Uma pequena pesquisa, num qualquer motor de busca, sobre ecoansiedade, revela que um dos principais artigos sobre o tema, está no website internacional da Iberdrola e inclui conselhos de como ultrapassar os seus sintomas: adotando comportamentos verdes.

A Iberdrola é uma das maiores empresas espanholas, com presença em Portugal, que atua na distribuição de gás natural e produção e abastecimento de energia elétrica e é considerada líder mundial no setor energético, principalmente no que diz respeito à energia eólica.
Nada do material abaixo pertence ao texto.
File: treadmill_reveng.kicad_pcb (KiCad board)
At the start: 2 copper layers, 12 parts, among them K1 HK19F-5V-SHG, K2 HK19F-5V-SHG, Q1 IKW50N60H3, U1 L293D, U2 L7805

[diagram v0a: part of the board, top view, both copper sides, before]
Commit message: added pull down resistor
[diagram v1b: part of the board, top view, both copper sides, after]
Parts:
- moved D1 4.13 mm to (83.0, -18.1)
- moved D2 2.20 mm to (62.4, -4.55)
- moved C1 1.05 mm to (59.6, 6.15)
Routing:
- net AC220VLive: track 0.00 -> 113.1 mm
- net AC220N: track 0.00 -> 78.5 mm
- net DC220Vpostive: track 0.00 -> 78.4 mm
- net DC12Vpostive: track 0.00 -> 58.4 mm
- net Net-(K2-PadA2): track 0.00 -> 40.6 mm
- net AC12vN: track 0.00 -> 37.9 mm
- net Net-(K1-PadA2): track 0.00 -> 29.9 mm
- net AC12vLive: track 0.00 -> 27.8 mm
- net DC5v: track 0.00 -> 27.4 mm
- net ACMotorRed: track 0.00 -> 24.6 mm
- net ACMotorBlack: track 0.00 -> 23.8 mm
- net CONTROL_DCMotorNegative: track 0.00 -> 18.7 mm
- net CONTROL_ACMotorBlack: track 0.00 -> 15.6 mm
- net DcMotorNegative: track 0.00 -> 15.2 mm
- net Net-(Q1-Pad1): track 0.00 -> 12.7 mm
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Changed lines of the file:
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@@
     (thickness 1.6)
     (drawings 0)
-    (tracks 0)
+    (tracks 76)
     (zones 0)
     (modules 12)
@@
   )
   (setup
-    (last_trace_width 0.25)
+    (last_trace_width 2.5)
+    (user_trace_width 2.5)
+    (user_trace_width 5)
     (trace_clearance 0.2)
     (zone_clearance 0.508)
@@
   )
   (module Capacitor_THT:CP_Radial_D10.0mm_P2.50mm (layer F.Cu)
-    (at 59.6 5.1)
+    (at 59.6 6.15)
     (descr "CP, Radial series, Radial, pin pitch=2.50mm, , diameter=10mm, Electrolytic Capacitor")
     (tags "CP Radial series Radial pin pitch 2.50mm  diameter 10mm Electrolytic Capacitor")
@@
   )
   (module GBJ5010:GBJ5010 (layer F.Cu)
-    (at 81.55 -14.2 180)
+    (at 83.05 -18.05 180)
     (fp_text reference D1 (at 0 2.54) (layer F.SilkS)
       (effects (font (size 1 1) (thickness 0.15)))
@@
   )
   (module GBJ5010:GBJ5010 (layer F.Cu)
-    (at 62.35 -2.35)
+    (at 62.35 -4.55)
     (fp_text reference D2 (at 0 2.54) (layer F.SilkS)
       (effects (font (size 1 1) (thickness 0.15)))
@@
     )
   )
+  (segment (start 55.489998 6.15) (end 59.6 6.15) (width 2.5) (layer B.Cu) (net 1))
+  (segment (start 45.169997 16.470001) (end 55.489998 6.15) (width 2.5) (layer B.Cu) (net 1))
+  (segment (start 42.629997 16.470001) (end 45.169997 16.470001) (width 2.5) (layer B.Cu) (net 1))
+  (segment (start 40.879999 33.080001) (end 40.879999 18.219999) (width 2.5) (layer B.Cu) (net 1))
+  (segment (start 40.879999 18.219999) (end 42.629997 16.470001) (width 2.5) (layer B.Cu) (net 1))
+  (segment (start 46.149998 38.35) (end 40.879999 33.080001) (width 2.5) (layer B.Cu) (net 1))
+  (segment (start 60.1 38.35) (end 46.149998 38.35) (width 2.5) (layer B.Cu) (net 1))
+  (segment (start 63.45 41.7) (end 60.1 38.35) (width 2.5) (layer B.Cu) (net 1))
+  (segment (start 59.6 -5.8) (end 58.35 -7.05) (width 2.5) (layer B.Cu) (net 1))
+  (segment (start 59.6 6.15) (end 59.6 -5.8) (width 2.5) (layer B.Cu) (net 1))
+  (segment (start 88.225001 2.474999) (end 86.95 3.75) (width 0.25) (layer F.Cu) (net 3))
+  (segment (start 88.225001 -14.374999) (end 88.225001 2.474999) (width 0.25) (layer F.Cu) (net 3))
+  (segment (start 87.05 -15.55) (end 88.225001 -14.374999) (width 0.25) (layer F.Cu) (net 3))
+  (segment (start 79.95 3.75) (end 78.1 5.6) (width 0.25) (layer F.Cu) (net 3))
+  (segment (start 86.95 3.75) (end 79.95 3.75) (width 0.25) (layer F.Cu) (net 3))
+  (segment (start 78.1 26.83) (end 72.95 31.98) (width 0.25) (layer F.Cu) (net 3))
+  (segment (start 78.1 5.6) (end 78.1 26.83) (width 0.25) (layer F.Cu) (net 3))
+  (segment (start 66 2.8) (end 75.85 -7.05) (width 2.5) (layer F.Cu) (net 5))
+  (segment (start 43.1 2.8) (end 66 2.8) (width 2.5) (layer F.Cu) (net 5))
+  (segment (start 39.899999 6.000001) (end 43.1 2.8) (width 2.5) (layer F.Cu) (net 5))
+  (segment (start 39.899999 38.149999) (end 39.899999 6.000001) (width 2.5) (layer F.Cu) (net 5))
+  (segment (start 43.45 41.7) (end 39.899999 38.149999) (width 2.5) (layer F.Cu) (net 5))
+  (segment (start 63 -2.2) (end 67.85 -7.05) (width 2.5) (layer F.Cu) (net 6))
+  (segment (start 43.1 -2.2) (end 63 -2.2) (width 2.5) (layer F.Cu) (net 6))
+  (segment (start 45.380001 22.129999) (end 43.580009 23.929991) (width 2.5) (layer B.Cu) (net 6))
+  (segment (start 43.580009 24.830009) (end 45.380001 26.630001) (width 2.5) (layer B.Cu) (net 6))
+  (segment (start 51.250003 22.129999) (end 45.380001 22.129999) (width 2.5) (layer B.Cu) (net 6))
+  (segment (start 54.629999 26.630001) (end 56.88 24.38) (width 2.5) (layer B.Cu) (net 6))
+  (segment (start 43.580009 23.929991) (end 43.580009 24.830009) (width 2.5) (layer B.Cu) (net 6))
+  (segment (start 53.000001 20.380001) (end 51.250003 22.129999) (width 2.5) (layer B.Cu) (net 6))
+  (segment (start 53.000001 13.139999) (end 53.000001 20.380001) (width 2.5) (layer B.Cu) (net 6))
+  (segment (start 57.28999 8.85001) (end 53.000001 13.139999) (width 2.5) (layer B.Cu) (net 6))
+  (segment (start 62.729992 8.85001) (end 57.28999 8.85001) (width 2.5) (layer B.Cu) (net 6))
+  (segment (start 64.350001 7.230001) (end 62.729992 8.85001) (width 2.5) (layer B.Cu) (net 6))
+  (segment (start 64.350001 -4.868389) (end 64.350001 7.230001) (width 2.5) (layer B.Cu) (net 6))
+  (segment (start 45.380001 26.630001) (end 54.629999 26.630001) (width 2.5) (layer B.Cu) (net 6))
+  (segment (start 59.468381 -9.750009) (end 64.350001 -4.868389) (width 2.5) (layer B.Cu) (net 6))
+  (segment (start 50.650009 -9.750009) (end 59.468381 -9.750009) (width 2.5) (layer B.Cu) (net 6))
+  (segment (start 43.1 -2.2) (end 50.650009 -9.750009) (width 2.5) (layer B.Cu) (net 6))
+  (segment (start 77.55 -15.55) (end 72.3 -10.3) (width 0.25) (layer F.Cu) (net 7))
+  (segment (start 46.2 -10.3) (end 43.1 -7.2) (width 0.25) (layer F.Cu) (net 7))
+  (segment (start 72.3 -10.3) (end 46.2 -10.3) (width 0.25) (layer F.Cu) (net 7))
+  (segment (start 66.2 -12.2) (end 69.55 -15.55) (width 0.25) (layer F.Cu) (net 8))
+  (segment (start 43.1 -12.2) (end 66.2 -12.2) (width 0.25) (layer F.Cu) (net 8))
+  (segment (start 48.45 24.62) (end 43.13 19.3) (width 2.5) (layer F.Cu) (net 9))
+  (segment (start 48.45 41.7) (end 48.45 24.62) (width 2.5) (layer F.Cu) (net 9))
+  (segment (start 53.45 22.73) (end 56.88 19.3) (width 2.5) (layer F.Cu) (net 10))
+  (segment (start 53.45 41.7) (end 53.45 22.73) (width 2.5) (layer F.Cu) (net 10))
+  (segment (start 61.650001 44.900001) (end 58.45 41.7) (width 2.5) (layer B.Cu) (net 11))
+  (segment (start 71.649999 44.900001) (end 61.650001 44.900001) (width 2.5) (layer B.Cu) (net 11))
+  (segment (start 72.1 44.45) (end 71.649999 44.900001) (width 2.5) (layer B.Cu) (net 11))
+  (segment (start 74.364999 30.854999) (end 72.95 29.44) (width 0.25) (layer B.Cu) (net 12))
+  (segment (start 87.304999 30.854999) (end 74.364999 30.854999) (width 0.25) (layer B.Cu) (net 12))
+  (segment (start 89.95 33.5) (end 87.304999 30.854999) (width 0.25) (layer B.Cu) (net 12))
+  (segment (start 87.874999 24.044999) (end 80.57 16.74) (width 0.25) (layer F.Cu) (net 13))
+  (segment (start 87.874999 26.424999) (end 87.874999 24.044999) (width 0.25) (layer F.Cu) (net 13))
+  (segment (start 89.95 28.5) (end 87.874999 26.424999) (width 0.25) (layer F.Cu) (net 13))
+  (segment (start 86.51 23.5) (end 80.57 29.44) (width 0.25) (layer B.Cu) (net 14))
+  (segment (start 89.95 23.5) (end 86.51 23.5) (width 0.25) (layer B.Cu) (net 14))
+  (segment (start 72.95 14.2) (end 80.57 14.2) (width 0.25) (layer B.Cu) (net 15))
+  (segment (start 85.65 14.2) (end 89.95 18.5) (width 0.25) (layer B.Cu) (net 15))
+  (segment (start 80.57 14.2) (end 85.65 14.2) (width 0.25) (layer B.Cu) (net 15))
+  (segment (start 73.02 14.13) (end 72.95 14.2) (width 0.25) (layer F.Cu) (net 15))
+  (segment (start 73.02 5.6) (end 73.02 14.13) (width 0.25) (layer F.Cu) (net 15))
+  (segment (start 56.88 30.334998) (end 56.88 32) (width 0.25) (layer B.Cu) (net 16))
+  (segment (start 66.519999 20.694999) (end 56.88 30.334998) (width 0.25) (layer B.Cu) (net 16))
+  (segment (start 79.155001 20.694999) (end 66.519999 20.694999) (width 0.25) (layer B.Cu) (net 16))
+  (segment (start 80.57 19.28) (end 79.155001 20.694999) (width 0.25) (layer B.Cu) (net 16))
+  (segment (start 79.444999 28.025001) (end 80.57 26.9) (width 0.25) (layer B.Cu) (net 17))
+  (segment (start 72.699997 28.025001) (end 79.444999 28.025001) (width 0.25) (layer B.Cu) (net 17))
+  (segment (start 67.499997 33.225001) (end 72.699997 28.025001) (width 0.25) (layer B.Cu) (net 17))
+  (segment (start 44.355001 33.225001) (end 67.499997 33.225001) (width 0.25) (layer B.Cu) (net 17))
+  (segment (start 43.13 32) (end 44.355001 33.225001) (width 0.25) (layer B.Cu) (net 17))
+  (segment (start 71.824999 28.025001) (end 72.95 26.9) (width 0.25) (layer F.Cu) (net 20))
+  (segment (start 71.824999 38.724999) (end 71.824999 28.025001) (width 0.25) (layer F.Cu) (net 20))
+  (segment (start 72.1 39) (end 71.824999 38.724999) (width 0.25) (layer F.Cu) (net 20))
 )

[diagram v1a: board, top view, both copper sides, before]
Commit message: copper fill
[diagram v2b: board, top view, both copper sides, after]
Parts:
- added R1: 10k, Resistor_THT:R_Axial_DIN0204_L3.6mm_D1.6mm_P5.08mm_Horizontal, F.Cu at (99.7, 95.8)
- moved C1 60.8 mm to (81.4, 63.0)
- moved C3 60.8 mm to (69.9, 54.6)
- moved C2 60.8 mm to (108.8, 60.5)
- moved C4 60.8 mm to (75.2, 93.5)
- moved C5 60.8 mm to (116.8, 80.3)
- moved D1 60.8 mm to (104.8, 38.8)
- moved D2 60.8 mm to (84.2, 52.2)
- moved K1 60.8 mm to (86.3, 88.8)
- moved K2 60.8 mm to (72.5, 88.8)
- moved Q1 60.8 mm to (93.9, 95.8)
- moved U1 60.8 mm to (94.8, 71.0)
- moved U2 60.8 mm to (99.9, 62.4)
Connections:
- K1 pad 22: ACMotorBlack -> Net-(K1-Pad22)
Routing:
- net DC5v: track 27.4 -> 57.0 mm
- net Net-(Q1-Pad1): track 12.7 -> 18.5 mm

Entre as várias dicas estão sugestões como procurar mais informação sobre o «inimigo» crise climática; consumir melhor e reciclar; evitar deixar a torneira aberta e não atirar lixo para o chão. Nenhuma menciona redução do consumo energético a um nível doméstico ou empresarial. Principalmente porque mesmo o foco estando no indivíduo, não são mencionados aspetos de eficiência energética dos edifícios e que reduziriam significativamente o consumo de energia. E quando empresas fornecedoras de soluções energéticas se dirigem ao consumidor quanto à poupança energética, referem-se essencialmente à fatura no final do mês, e em comparação com a competição de mercado. Estou só a partilhar o óbvio: distribuidores de energia querem distribuir! Não vão aconselhar o consumidor a consumir menos energia, não é?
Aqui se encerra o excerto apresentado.